Во Фроловском гостил Легошин, так же, как и Алеша, женившийся к этому времени, но из-за смерти Кондратьева потерявший работу. Чайковский обещал помочь ему с устройством и разрешил привезти жену и дочку. Он чувствовал себя обязанным и другому бывшему лакею Кондратьева, Василию Филатову, и 13 июля 1888 года писал, впрочем, безрезультатно, Юргенсону: «Не хочешь взять к себе в лакеи Васю, служившего долго у Анатолия, а потом у Кондратьева? Это очень умный и ловкий слуга. Лет ему немного, не более 18 или 19». Обращался с этим и к Анатолию 14 сентября: «Толя! Вася без места и сегодня был у меня (он живет покамест в деревне у отца). Не взял ли бы ты его? Я очень этого бы желал. Напиши мне насчет этого сейчас же. Только прими во внимание, что в будущем ноябре он на призыве, так что мог бы остаться всего на год. Я сохранил к нему такое чувство, как будто он свой, но только раскаявшийся изменщик». Ему же 1 октября в ответ на отказ: «Я вполне понимаю резоны, по которым ты Васю не хочешь брать. Скорее уже по отбытии воинской повинности».
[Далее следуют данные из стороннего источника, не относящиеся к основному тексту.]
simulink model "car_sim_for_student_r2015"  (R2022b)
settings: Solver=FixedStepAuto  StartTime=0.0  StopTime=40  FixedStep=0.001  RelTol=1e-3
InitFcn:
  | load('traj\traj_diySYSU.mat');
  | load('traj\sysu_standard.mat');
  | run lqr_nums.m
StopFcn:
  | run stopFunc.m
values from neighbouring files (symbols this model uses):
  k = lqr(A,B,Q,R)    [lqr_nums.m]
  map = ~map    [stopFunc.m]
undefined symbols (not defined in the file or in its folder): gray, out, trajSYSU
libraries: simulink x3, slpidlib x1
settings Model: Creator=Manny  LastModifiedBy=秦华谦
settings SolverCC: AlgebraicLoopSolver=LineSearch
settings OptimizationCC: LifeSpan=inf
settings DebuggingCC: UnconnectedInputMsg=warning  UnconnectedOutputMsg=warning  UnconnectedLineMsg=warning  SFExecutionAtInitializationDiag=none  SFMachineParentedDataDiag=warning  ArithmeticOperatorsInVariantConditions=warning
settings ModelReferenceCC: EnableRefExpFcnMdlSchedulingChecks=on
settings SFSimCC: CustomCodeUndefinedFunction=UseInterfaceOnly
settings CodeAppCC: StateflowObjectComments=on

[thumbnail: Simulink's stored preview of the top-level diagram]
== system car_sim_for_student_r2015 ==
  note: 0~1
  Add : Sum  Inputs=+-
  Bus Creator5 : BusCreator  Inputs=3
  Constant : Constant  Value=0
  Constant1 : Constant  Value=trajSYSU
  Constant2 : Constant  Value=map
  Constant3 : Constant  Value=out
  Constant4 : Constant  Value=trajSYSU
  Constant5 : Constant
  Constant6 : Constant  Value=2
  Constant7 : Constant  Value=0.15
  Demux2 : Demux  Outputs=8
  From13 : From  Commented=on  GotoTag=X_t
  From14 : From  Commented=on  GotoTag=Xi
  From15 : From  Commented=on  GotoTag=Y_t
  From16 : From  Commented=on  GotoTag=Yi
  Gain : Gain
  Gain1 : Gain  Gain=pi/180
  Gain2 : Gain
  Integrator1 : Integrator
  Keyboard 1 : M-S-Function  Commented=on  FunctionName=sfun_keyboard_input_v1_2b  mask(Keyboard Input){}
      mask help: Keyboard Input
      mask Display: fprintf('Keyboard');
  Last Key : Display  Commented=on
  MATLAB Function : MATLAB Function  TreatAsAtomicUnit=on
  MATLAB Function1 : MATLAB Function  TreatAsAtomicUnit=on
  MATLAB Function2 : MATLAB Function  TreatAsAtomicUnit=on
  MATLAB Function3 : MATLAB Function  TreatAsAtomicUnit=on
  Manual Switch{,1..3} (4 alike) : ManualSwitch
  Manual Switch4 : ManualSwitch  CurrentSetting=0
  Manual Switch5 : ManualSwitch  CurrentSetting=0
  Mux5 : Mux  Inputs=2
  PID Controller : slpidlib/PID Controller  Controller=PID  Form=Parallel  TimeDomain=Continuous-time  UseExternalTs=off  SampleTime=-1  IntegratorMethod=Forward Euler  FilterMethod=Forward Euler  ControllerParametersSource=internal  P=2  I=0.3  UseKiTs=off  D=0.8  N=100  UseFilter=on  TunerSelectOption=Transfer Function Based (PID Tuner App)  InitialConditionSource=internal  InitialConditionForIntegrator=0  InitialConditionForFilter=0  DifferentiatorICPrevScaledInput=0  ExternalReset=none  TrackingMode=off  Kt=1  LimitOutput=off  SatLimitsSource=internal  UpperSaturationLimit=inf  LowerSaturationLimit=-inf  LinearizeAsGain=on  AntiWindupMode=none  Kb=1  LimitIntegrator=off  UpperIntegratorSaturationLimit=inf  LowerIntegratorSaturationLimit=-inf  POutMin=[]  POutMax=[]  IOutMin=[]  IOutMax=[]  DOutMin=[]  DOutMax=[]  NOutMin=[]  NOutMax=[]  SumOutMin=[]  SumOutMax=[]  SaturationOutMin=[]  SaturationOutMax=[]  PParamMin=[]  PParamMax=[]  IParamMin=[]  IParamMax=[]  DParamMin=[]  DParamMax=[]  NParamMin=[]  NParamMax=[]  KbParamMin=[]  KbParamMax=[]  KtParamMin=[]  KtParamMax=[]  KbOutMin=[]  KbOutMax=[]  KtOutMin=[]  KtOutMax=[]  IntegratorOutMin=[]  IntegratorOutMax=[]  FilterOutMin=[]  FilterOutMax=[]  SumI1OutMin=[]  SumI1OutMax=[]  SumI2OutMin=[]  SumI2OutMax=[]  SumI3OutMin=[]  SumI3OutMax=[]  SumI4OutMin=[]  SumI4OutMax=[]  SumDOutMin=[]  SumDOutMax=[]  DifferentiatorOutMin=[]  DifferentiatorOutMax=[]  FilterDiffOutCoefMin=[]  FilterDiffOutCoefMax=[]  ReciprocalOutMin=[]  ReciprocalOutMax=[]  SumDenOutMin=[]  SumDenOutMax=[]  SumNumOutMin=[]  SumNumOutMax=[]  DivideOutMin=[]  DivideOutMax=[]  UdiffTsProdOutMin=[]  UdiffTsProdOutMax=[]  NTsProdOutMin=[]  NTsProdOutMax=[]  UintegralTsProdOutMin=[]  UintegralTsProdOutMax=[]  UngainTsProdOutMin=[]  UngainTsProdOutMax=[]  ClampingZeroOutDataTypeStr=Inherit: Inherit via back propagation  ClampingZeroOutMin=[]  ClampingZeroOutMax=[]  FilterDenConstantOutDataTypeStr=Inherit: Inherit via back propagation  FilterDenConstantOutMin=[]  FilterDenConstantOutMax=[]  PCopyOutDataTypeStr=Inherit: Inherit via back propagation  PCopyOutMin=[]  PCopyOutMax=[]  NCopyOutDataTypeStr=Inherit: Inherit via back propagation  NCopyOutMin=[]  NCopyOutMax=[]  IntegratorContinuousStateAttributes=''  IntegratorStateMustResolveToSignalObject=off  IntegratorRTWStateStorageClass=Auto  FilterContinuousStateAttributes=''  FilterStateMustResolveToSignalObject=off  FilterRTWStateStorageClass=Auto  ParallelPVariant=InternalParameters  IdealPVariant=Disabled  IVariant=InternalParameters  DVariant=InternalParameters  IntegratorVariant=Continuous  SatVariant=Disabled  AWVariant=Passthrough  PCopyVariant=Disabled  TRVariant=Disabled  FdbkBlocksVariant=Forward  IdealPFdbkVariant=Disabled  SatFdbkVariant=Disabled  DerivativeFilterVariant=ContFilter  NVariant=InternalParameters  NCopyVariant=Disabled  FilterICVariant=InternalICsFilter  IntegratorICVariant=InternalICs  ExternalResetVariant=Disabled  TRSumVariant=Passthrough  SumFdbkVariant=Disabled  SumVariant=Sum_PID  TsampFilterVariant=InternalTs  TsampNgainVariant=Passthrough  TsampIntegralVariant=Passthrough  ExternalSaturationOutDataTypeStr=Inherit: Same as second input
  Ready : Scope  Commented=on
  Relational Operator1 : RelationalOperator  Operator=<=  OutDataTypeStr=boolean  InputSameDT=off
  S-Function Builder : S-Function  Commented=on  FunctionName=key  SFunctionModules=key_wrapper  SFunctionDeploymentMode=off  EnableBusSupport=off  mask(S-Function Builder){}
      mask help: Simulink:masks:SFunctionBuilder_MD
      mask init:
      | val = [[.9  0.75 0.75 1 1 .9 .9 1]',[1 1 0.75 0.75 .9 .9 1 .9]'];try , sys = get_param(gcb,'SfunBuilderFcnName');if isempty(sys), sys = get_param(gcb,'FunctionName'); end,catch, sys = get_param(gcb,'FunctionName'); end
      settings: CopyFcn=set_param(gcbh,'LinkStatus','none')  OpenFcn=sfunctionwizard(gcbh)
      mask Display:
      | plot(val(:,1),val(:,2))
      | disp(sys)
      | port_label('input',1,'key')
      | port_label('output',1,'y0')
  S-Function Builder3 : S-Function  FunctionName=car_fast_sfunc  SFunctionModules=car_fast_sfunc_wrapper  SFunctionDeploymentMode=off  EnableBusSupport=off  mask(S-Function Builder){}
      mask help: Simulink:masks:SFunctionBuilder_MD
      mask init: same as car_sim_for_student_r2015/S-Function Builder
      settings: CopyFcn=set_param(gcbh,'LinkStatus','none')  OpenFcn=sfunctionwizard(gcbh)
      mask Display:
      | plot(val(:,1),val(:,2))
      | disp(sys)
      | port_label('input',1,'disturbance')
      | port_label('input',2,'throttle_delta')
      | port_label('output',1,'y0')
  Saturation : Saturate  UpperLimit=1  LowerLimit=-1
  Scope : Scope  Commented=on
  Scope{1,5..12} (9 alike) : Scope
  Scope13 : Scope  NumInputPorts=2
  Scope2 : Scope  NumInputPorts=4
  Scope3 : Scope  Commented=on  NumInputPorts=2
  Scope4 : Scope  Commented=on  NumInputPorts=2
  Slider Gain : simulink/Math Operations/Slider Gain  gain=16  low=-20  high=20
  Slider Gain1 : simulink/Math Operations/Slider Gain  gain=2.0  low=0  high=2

Время от времени Чайковский выезжал в Петербург и Москву, несколько раз лишь для того, чтобы не создавать проблем слуге и его жене, которым нужно было по разным делам отбыть на несколько дней в деревню, а Алексей не хотел оставлять барина одного во Фроловском. Так, в начале июля Петр Ильич, не планируя для себя, приехал в столицу, хотя денег не хватало и работать над симфонией предстояло немало, но — родственники Алеши пригласили его с женой в деревню на храмовый праздник.

В начале августа во Фроловском нашли приют Ларош и его супруга, оказавшиеся в финансово-бедственном положении. По дороге в Петербург на два дня заехал Коля Конради, а еще несколько дней спустя Модест и гостил у брата четыре дня. 14 августа композитор окончил инструментовку симфонии и сразу стал работать над увертюрой «Гамлет», но сделал перерыв и 23 августа выехал в Каменку, где давно уже не бывал. За день до отъезда он написал фон Мекк письмо, в котором, сетуя на свою «непостижимую расточительность и ребяческое неумение устраивать дела», просит у нее «остающиеся две трети всей бюджетной суммы за будущий год, т. е. 4000 рублей, к 2 сентября». Приехав в этот день в Москву из Каменки, он получил от нее письмо и чек на необходимую сумму, и 3 сентября снова был во Фроловском.

Этой же осенью он узнал о совершенно неожиданном для него обстоятельстве, связанном с Пахульскими. В письме Надежды Филаретовны от 22 сентября читаем: «У меня вообще расстройство в моей обстановке: Владислав Альбертович уже больше недели уехал за границу и находится в Дрездене, хочет позаняться музыкою, но, конечно, это не главный мотив его отъезда, а есть другая причина, которую я Вам, как моему единственному другу, скажу: мне готовится большое горе — моя Юля хочет выйти замуж за Владислава Альбертовича, и ввиду этого он поехал поправить свои нервы. Я говорю, что это большое горе для меня не потому, чтобы я имела что-нибудь против выбора Юли, — нет, Владислав Альбертович прекрасный человек, но для меня это доставляет огромную и незаменимую потерю, я теряю мою дочь, которая мне необходима и без которой мое существование невозможно. Конечно, она жаждет и просит меня об одном, чтобы я позволила ей остаться при мне, но ведь это будет не то, не то, — и ей, быть может, самой окажется слишком трудным иметь двоих на своем попечении. Это очень давний роман, он тянется уже семь лет с разными перипетиями, при которых я надеялась, что при моей жизни эта чаша не коснется моих уст, но, однако, вышло иначе, и это-то одна из главных причин моего нервного расстройства».